| Aim of the task |
With the line containing "(-29.884626515, -0.820376354), align=None)" as the start and the line containing "(-34.238887902, -8.016528777), align=None)" as the end, transcribe that span of the entries below exactly, including both.

━━ Data records ━━

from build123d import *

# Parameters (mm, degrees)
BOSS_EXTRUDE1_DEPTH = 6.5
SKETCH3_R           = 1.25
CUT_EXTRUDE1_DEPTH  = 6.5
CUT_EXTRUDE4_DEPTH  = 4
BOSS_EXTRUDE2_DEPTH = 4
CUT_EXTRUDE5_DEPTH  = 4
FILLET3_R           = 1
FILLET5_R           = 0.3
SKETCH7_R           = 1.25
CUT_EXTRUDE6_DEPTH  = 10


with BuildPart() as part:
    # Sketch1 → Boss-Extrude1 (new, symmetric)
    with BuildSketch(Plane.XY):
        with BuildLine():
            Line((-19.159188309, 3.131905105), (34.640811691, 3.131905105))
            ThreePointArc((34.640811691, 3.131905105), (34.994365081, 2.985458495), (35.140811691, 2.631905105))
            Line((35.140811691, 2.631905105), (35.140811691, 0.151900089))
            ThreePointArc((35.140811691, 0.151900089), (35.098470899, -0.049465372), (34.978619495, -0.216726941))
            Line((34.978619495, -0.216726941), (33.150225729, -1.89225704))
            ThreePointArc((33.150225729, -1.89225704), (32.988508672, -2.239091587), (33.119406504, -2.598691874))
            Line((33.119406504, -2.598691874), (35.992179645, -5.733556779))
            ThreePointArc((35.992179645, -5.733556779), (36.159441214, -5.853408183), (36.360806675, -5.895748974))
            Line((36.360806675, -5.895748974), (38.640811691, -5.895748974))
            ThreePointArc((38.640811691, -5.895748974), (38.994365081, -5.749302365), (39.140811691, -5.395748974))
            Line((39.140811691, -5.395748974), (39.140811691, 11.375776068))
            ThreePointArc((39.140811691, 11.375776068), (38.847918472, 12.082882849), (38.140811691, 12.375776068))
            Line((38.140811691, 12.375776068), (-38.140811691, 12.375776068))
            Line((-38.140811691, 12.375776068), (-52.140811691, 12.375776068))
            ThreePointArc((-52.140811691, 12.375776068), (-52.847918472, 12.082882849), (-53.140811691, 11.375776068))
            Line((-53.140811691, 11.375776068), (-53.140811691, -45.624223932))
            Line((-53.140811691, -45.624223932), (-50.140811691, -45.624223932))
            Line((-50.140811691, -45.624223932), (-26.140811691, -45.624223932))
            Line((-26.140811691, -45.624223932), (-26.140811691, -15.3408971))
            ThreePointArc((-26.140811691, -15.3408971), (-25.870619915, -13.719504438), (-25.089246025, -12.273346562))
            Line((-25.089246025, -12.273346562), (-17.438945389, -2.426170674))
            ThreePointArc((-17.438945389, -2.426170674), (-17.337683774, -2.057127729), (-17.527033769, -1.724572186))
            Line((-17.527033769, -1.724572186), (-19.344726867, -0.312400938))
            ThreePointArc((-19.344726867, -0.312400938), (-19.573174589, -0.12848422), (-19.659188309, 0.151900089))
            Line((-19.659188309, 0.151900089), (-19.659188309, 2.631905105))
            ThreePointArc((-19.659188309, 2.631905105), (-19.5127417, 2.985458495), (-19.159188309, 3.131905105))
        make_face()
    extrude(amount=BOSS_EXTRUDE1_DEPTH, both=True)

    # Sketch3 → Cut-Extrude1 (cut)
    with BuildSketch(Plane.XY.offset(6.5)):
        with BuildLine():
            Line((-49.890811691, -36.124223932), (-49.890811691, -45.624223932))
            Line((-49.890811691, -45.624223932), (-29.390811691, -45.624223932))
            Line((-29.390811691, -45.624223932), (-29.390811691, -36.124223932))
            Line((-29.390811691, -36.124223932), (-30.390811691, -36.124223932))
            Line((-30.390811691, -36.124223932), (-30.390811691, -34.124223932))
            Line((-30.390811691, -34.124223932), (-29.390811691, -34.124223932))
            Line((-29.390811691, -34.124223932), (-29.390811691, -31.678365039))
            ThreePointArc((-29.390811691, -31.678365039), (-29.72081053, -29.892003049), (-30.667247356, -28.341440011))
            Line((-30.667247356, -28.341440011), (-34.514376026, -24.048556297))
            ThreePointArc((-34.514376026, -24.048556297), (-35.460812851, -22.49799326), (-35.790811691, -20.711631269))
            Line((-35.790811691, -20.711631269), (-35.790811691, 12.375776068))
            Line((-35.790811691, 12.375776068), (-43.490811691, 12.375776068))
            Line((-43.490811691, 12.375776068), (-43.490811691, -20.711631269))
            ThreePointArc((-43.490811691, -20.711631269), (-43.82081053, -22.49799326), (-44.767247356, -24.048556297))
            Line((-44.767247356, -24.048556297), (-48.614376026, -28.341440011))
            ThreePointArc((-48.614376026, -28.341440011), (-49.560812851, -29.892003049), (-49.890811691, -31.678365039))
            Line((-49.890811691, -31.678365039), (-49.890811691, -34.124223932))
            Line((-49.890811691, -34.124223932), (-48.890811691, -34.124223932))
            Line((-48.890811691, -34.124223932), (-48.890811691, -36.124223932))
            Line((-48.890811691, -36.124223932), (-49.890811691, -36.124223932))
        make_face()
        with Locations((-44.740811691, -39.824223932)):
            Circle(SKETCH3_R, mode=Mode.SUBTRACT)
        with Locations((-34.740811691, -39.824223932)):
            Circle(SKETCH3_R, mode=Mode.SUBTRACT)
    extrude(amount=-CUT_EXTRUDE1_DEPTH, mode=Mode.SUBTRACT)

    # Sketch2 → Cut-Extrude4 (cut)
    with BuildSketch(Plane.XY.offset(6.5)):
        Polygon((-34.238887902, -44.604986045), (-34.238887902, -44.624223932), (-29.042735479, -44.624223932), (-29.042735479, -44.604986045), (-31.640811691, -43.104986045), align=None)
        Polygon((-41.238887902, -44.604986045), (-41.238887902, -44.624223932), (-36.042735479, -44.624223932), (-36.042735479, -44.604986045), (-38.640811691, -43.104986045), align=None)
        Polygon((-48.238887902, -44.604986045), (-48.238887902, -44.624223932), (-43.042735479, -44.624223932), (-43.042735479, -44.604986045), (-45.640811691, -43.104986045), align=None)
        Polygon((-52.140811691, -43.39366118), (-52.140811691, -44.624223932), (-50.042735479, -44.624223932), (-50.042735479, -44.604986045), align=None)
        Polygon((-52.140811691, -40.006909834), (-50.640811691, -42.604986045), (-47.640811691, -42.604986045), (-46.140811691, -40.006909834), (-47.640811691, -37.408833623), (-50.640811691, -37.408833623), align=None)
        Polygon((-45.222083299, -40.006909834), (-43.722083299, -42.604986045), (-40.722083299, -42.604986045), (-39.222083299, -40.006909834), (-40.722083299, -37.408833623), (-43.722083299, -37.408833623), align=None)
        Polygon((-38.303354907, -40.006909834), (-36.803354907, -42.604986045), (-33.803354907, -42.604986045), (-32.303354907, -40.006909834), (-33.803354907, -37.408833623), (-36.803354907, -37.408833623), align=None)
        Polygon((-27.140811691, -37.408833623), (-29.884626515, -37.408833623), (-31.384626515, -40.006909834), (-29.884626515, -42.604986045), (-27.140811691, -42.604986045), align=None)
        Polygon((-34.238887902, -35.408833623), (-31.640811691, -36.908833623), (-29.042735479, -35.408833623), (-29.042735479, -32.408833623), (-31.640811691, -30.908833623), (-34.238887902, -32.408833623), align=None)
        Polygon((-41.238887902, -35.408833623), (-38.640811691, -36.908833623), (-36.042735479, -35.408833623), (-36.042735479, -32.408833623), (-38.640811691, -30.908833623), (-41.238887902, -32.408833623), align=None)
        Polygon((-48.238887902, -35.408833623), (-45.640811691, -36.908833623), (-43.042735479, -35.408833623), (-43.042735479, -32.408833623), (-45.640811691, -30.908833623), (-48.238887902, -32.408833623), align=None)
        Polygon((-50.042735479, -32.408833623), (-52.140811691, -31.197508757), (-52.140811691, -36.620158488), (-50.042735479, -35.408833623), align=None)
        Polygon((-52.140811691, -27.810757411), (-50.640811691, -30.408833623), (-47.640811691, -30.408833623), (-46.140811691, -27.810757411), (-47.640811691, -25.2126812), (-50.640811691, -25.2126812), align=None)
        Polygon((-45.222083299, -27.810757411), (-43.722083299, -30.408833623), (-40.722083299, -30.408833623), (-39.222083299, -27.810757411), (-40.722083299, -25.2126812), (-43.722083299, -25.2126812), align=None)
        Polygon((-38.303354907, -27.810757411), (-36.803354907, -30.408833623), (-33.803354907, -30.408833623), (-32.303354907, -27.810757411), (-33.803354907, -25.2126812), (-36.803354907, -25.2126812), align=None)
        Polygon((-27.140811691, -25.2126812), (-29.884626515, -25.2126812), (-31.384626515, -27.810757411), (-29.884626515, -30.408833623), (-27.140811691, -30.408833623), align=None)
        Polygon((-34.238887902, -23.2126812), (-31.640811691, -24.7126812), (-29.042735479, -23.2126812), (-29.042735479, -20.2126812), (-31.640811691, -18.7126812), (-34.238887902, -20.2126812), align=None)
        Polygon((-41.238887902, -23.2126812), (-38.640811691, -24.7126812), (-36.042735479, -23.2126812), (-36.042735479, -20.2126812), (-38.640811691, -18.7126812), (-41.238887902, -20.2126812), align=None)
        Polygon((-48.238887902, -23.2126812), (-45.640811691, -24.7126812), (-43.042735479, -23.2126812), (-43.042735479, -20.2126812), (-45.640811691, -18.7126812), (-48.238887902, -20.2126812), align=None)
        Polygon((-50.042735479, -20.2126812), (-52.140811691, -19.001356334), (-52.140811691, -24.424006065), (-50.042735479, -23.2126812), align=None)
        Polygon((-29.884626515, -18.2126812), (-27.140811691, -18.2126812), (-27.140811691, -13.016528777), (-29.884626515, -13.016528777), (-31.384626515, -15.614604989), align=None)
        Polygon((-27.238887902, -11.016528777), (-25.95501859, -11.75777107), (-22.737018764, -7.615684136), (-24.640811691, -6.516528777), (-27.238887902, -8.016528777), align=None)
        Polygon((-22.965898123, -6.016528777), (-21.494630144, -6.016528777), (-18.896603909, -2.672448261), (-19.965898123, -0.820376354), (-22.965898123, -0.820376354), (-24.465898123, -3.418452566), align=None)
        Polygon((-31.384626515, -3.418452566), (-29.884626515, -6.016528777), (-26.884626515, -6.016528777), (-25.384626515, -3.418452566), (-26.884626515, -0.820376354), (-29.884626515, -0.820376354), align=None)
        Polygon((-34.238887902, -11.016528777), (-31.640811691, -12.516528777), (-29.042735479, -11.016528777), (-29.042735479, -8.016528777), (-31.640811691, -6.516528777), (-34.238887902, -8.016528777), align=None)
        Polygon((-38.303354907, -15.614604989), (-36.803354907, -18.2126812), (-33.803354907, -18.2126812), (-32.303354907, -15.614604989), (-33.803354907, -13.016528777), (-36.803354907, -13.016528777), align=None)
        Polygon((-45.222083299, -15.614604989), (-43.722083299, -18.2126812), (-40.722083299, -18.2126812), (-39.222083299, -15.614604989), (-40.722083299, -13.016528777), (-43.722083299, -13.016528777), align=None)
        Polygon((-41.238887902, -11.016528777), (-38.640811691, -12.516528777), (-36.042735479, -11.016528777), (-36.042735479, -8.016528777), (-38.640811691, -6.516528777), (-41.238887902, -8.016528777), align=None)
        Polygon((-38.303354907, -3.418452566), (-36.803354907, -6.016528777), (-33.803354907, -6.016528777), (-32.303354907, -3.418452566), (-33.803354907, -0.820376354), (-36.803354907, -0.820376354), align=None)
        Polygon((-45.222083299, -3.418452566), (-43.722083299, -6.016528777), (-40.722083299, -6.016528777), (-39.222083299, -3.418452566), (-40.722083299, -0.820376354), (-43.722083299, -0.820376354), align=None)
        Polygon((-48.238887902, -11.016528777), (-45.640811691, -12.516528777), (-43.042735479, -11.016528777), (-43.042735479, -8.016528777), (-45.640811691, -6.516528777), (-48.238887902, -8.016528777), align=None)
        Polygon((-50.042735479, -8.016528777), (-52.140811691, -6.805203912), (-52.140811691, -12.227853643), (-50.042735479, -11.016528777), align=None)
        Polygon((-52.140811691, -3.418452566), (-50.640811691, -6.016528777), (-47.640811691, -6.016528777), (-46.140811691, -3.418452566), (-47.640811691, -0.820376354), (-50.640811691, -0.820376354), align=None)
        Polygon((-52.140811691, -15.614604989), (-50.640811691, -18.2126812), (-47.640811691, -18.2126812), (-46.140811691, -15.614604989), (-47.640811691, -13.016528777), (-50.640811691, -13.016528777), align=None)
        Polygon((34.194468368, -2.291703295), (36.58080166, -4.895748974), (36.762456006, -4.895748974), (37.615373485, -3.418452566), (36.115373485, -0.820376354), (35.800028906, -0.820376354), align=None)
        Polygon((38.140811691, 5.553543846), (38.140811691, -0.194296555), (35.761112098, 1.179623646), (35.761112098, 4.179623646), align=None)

━━━

| Reply to the exercise |
        Polygon((-31.384626515, -3.418452566), (-29.884626515, -6.016528777), (-26.884626515, -6.016528777), (-25.384626515, -3.418452566), (-26.884626515, -0.820376354), (-29.884626515, -0.820376354), align=None)
        Polygon((-34.238887902, -11.016528777), (-31.640811691, -12.516528777), (-29.042735479, -11.016528777), (-29.042735479, -8.016528777), (-31.640811691, -6.516528777), (-34.238887902, -8.016528777), align=None)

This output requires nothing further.